__What is expected__
Write out the entries below once more, exactly, with the pictures left out.

======== The records ========

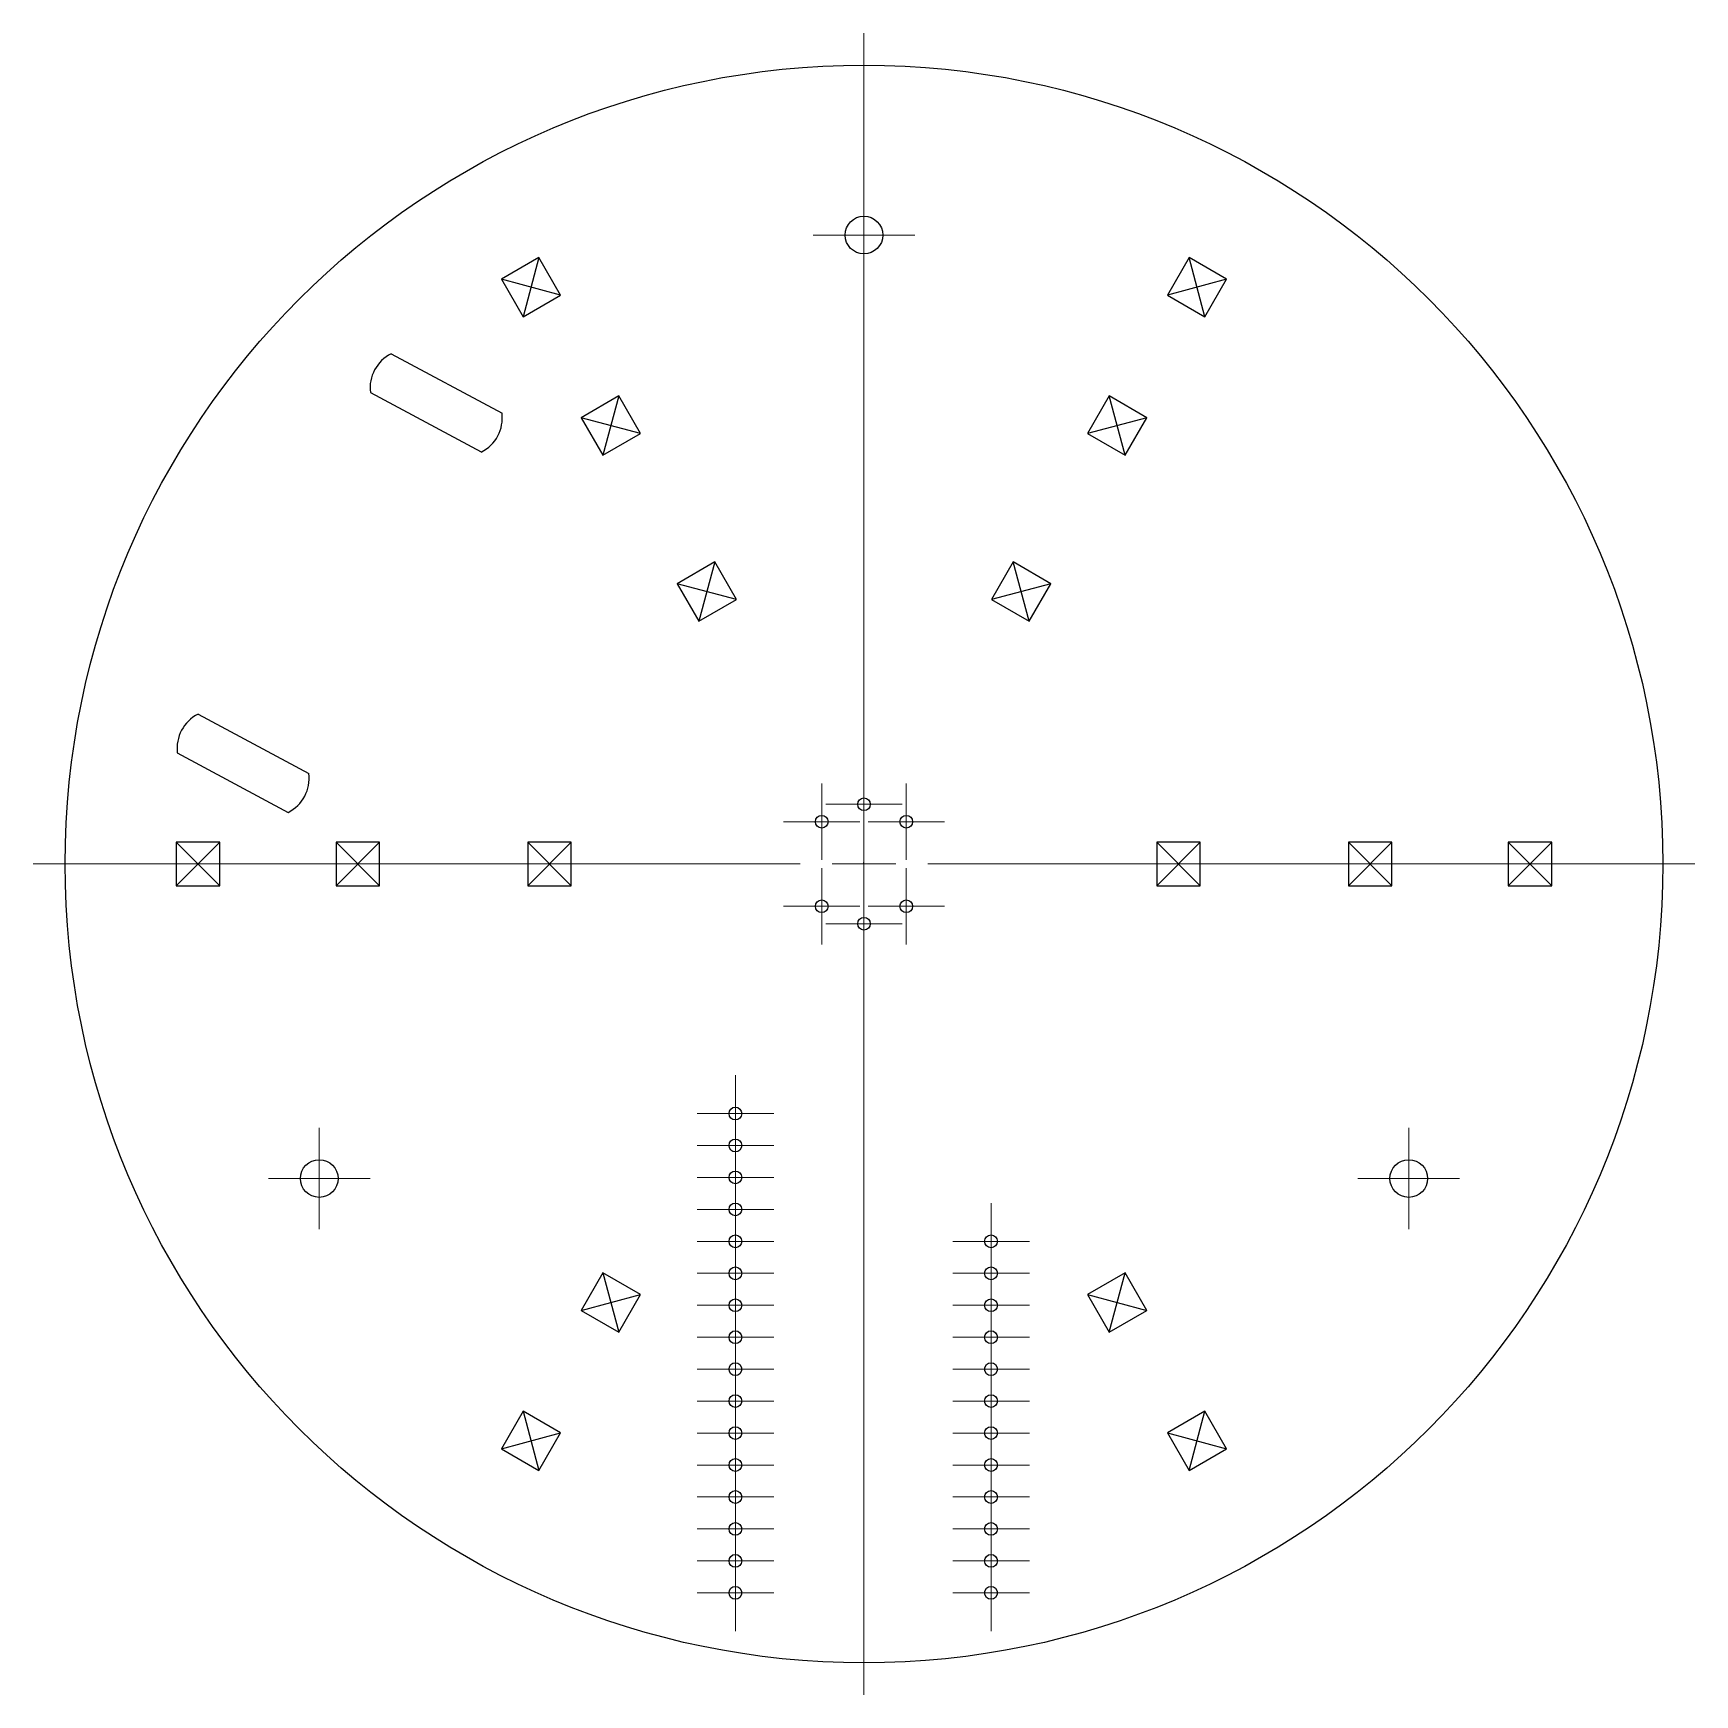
# Model space of a CAD drawing. Header units: inches. Extents: x 1.45 to 4.05, y 2.05 to 4.65.
import ezdxf

# ---------------------------------------------------------------- set-up
doc = ezdxf.new("R2010")
doc.units = ezdxf.units.IN
doc.header["$MEASUREMENT"] = 0
doc.header["$PDSIZE"] = -1
doc.linetypes.add('CENTERX2', pattern=[0.8, 0.5, -0.1, 0.1, -0.1])

# ---------------------------------------------------------------- blocks, each defined once
blk = doc.blocks.new('SW_CENTERMARKSYMBOL_0')
at = {"color": 0, "linetype": 'Continuous', "lineweight": 18}
for p, q in [((0, 0.1), (0, 1.3)), ((0, 0), (0, 0.05)), ((-0.1, 0), (-1.3, 0)), ((0, 0), (-0.05, 0)), ((0, 0), (0, -0.05)), ((0, 0), (0.05, 0)), ((0.1, 0), (1.3, 0)), ((0, -0.1), (0, -1.3))]:
    blk.add_line(p, q, dxfattribs=at)
blk = doc.blocks.new('SW_CENTERMARKSYMBOL_1')
at = {"color": 0, "linetype": 'Continuous', "lineweight": 18}
for p, q in [((0, 0.05), (0, 0.0795)), ((0, 0), (0, 0.05)), ((-0.05, 0), (-0.0795, 0)), ((0, 0), (-0.05, 0)), ((0, 0), (0, -0.05)), ((0, 0), (0.05, 0)), ((0.05, 0), (0.0795, 0)), ((0, -0.05), (0, -0.0795))]:
    blk.add_line(p, q, dxfattribs=at)
blk = doc.blocks.new('SW_CENTERMARKSYMBOL_2')
at = {"color": 0, "linetype": 'Continuous', "lineweight": 18}
for p, q in [((0, 0.05), (0, 0.0795)), ((0, 0), (0, 0.05)), ((-0.05, 0), (-0.0795, 0)), ((0, 0), (-0.05, 0)), ((0, 0), (0, -0.05)), ((0, 0), (0.05, 0)), ((0.05, 0), (0.0795, 0)), ((0, -0.05), (0, -0.0795))]:
    blk.add_line(p, q, dxfattribs=at)
blk = doc.blocks.new('SW_CENTERMARKSYMBOL_3')
at = {"color": 0, "linetype": 'Continuous', "lineweight": 18}
for p, q in [((0, 0.05), (0, 0.0795)), ((0, 0), (0, 0.05)), ((-0.05, 0), (-0.0795, 0)), ((0, 0), (-0.05, 0)), ((0, 0), (0, -0.05)), ((0, 0), (0.05, 0)), ((0.05, 0), (0.0795, 0)), ((0, -0.05), (0, -0.0795))]:
    blk.add_line(p, q, dxfattribs=at)
blk = doc.blocks.new('SW_CENTERMARKSYMBOL_4')
at = {"color": 0, "linetype": 'Continuous', "lineweight": 18}
for p, q in [((0, 0.05), (0, 0.06)), ((0, 0), (0, 0.05)), ((-0.05, 0), (-0.06, 0)), ((0, 0), (-0.05, 0)), ((0, 0), (0, -0.05)), ((0, 0), (0.05, 0)), ((0.05, 0), (0.06, 0)), ((0, -0.05), (0, -0.06))]:
    blk.add_line(p, q, dxfattribs=at)
blk = doc.blocks.new('SW_CENTERMARKSYMBOL_5')
at = {"color": 0, "linetype": 'Continuous', "lineweight": 18}
for p, q in [((0, 0.05), (0, 0.06)), ((0, 0), (0, 0.05)), ((-0.05, 0), (-0.06, 0)), ((0, 0), (-0.05, 0)), ((0, 0), (0, -0.05)), ((0, 0), (0.05, 0)), ((0.05, 0), (0.06, 0)), ((0, -0.05), (0, -0.06))]:
    blk.add_line(p, q, dxfattribs=at)
blk = doc.blocks.new('SW_CENTERMARKSYMBOL_6')
at = {"color": 0, "linetype": 'Continuous', "lineweight": 18}
for p, q in [((0, 0.05), (0, 0.06)), ((0, 0), (0, 0.05)), ((-0.05, 0), (-0.06, 0)), ((0, 0), (-0.05, 0)), ((0, 0), (0, -0.05)), ((0, 0), (0.05, 0)), ((0.05, 0), (0.06, 0)), ((0, -0.05), (0, -0.06))]:
    blk.add_line(p, q, dxfattribs=at)
blk = doc.blocks.new('SW_CENTERMARKSYMBOL_7')
at = {"color": 0, "linetype": 'Continuous', "lineweight": 18}
for p, q in [((0, 0.05), (0, 0.06)), ((0, 0), (0, 0.05)), ((-0.05, 0), (-0.06, 0)), ((0, 0), (-0.05, 0)), ((0, 0), (0, -0.05)), ((0, 0), (0.05, 0)), ((0.05, 0), (0.06, 0)), ((0, -0.05), (0, -0.06))]:
    blk.add_line(p, q, dxfattribs=at)
blk = doc.blocks.new('SW_CENTERMARKSYMBOL_8')
at = {"color": 0, "linetype": 'Continuous', "lineweight": 18}
for p, q in [((0, 0.05), (0, 0.06)), ((0, 0), (0, 0.05)), ((-0.05, 0), (-0.06, 0)), ((0, 0), (-0.05, 0)), ((0, 0), (0, -0.05)), ((0, 0), (0.05, 0)), ((0.05, 0), (0.06, 0)), ((0, -0.05), (0, -0.06))]:
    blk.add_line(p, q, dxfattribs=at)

========

__Answer to the problem__
# Model space of a CAD drawing. Header units: inches. Extents: x 1.45 to 4.05, y 2.05 to 4.65.
import ezdxf

# ---------------------------------------------------------------- set-up
doc = ezdxf.new("R2010")
doc.units = ezdxf.units.IN
doc.header["$MEASUREMENT"] = 0
doc.header["$PDSIZE"] = -1
doc.linetypes.add('CENTERX2', pattern=[0.8, 0.5, -0.1, 0.1, -0.1])

# ---------------------------------------------------------------- blocks, each defined once
blk = doc.blocks.new('SW_CENTERMARKSYMBOL_0')
at = {"color": 0, "linetype": 'Continuous', "lineweight": 18}
for p, q in [((0, 0.1), (0, 1.3)), ((0, 0), (0, 0.05)), ((-0.1, 0), (-1.3, 0)), ((0, 0), (-0.05, 0)), ((0, 0), (0, -0.05)), ((0, 0), (0.05, 0)), ((0.1, 0), (1.3, 0)), ((0, -0.1), (0, -1.3))]:
    blk.add_line(p, q, dxfattribs=at)
blk = doc.blocks.new('SW_CENTERMARKSYMBOL_1')
at = {"color": 0, "linetype": 'Continuous', "lineweight": 18}
for p, q in [((0, 0.05), (0, 0.0795)), ((0, 0), (0, 0.05)), ((-0.05, 0), (-0.0795, 0)), ((0, 0), (-0.05, 0)), ((0, 0), (0, -0.05)), ((0, 0), (0.05, 0)), ((0.05, 0), (0.0795, 0)), ((0, -0.05), (0, -0.0795))]:
    blk.add_line(p, q, dxfattribs=at)
blk = doc.blocks.new('SW_CENTERMARKSYMBOL_2')
at = {"color": 0, "linetype": 'Continuous', "lineweight": 18}
for p, q in [((0, 0.05), (0, 0.0795)), ((0, 0), (0, 0.05)), ((-0.05, 0), (-0.0795, 0)), ((0, 0), (-0.05, 0)), ((0, 0), (0, -0.05)), ((0, 0), (0.05, 0)), ((0.05, 0), (0.0795, 0)), ((0, -0.05), (0, -0.0795))]:
    blk.add_line(p, q, dxfattribs=at)
blk = doc.blocks.new('SW_CENTERMARKSYMBOL_3')
at = {"color": 0, "linetype": 'Continuous', "lineweight": 18}
for p, q in [((0, 0.05), (0, 0.0795)), ((0, 0), (0, 0.05)), ((-0.05, 0), (-0.0795, 0)), ((0, 0), (-0.05, 0)), ((0, 0), (0, -0.05)), ((0, 0), (0.05, 0)), ((0.05, 0), (0.0795, 0)), ((0, -0.05), (0, -0.0795))]:
    blk.add_line(p, q, dxfattribs=at)
blk = doc.blocks.new('SW_CENTERMARKSYMBOL_4')
at = {"color": 0, "linetype": 'Continuous', "lineweight": 18}
for p, q in [((0, 0.05), (0, 0.06)), ((0, 0), (0, 0.05)), ((-0.05, 0), (-0.06, 0)), ((0, 0), (-0.05, 0)), ((0, 0), (0, -0.05)), ((0, 0), (0.05, 0)), ((0.05, 0), (0.06, 0)), ((0, -0.05), (0, -0.06))]:
    blk.add_line(p, q, dxfattribs=at)
blk = doc.blocks.new('SW_CENTERMARKSYMBOL_5')
at = {"color": 0, "linetype": 'Continuous', "lineweight": 18}
for p, q in [((0, 0.05), (0, 0.06)), ((0, 0), (0, 0.05)), ((-0.05, 0), (-0.06, 0)), ((0, 0), (-0.05, 0)), ((0, 0), (0, -0.05)), ((0, 0), (0.05, 0)), ((0.05, 0), (0.06, 0)), ((0, -0.05), (0, -0.06))]:
    blk.add_line(p, q, dxfattribs=at)
blk = doc.blocks.new('SW_CENTERMARKSYMBOL_6')
at = {"color": 0, "linetype": 'Continuous', "lineweight": 18}
for p, q in [((0, 0.05), (0, 0.06)), ((0, 0), (0, 0.05)), ((-0.05, 0), (-0.06, 0)), ((0, 0), (-0.05, 0)), ((0, 0), (0, -0.05)), ((0, 0), (0.05, 0)), ((0.05, 0), (0.06, 0)), ((0, -0.05), (0, -0.06))]:
    blk.add_line(p, q, dxfattribs=at)
blk = doc.blocks.new('SW_CENTERMARKSYMBOL_7')
at = {"color": 0, "linetype": 'Continuous', "lineweight": 18}
for p, q in [((0, 0.05), (0, 0.06)), ((0, 0), (0, 0.05)), ((-0.05, 0), (-0.06, 0)), ((0, 0), (-0.05, 0)), ((0, 0), (0, -0.05)), ((0, 0), (0.05, 0)), ((0.05, 0), (0.06, 0)), ((0, -0.05), (0, -0.06))]:
    blk.add_line(p, q, dxfattribs=at)
blk = doc.blocks.new('SW_CENTERMARKSYMBOL_8')
at = {"color": 0, "linetype": 'Continuous', "lineweight": 18}
for p, q in [((0, 0.05), (0, 0.06)), ((0, 0), (0, 0.05)), ((-0.05, 0), (-0.06, 0)), ((0, 0), (-0.05, 0)), ((0, 0), (0, -0.05)), ((0, 0), (0.05, 0)), ((0.05, 0), (0.06, 0)), ((0, -0.05), (0, -0.06))]:
    blk.add_line(p, q, dxfattribs=at)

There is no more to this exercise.